*** Begin section ***

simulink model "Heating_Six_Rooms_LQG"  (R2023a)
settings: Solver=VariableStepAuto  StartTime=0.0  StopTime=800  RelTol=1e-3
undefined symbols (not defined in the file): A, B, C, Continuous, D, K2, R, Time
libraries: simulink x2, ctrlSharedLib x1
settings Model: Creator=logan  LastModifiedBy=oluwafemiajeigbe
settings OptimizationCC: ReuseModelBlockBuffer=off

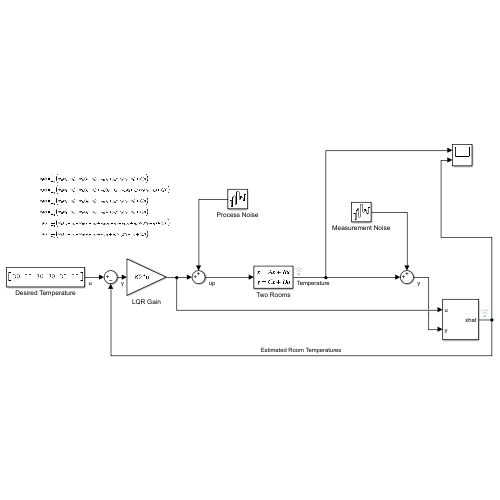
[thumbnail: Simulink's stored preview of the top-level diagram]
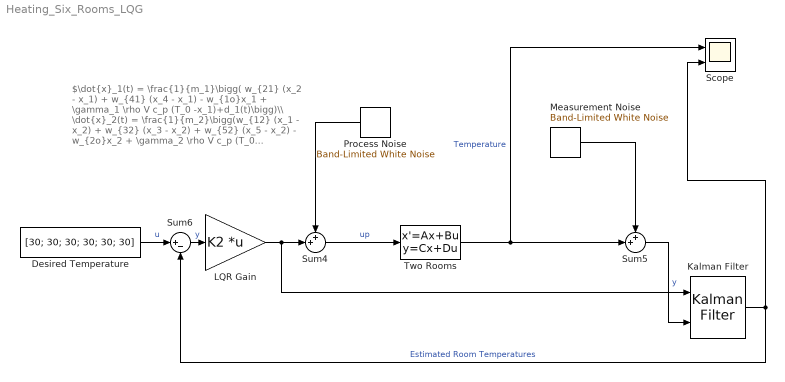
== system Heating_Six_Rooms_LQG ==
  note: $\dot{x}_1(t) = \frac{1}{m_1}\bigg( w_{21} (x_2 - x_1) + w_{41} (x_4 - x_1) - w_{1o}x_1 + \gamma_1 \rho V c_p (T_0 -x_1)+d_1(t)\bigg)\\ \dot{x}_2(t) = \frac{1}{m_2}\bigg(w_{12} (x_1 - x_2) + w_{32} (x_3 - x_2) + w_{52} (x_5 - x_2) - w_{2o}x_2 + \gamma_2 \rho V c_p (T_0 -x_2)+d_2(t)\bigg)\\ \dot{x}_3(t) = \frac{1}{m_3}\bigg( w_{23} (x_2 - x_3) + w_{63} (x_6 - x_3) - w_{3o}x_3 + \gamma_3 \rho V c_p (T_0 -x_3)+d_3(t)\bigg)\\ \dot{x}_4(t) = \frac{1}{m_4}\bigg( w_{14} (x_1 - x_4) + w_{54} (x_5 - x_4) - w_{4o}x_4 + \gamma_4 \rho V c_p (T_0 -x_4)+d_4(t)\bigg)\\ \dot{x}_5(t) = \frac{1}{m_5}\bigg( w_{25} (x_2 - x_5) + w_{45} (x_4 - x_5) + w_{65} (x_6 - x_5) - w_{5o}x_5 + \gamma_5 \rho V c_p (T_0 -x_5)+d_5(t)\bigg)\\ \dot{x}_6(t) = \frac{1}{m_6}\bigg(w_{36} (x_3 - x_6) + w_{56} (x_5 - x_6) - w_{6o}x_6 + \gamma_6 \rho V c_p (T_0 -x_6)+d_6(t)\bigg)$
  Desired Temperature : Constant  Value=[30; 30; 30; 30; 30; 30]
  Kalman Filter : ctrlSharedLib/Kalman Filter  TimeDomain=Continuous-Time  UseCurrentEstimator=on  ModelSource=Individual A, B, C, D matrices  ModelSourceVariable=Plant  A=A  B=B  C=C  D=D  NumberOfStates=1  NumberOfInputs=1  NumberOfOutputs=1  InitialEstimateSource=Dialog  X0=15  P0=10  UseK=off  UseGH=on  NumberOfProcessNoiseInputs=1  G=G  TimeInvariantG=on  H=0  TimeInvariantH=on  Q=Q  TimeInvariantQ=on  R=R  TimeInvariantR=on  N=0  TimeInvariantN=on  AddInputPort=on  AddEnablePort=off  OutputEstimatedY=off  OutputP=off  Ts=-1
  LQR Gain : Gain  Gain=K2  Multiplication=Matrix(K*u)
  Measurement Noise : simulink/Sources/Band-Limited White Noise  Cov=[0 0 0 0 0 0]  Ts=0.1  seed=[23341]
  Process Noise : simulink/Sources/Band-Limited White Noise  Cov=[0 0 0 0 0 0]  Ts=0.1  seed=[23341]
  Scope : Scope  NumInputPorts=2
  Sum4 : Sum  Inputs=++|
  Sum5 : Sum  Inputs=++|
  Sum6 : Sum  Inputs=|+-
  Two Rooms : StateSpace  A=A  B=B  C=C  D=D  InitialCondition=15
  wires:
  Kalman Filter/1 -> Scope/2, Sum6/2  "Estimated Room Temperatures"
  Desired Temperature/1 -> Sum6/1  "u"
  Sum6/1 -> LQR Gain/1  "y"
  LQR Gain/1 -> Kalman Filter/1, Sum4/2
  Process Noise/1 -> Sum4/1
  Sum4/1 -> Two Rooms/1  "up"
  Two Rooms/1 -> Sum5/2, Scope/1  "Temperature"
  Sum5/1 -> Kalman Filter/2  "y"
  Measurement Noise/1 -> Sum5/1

*** End section ***

Return each line in the records that holds the string "Measurement".

  Measurement Noise : simulink/Sources/Band-Limited White Noise  Cov=[0 0 0 0 0 0]  Ts=0.1  seed=[23341]
  Measurement Noise/1 -> Sum5/1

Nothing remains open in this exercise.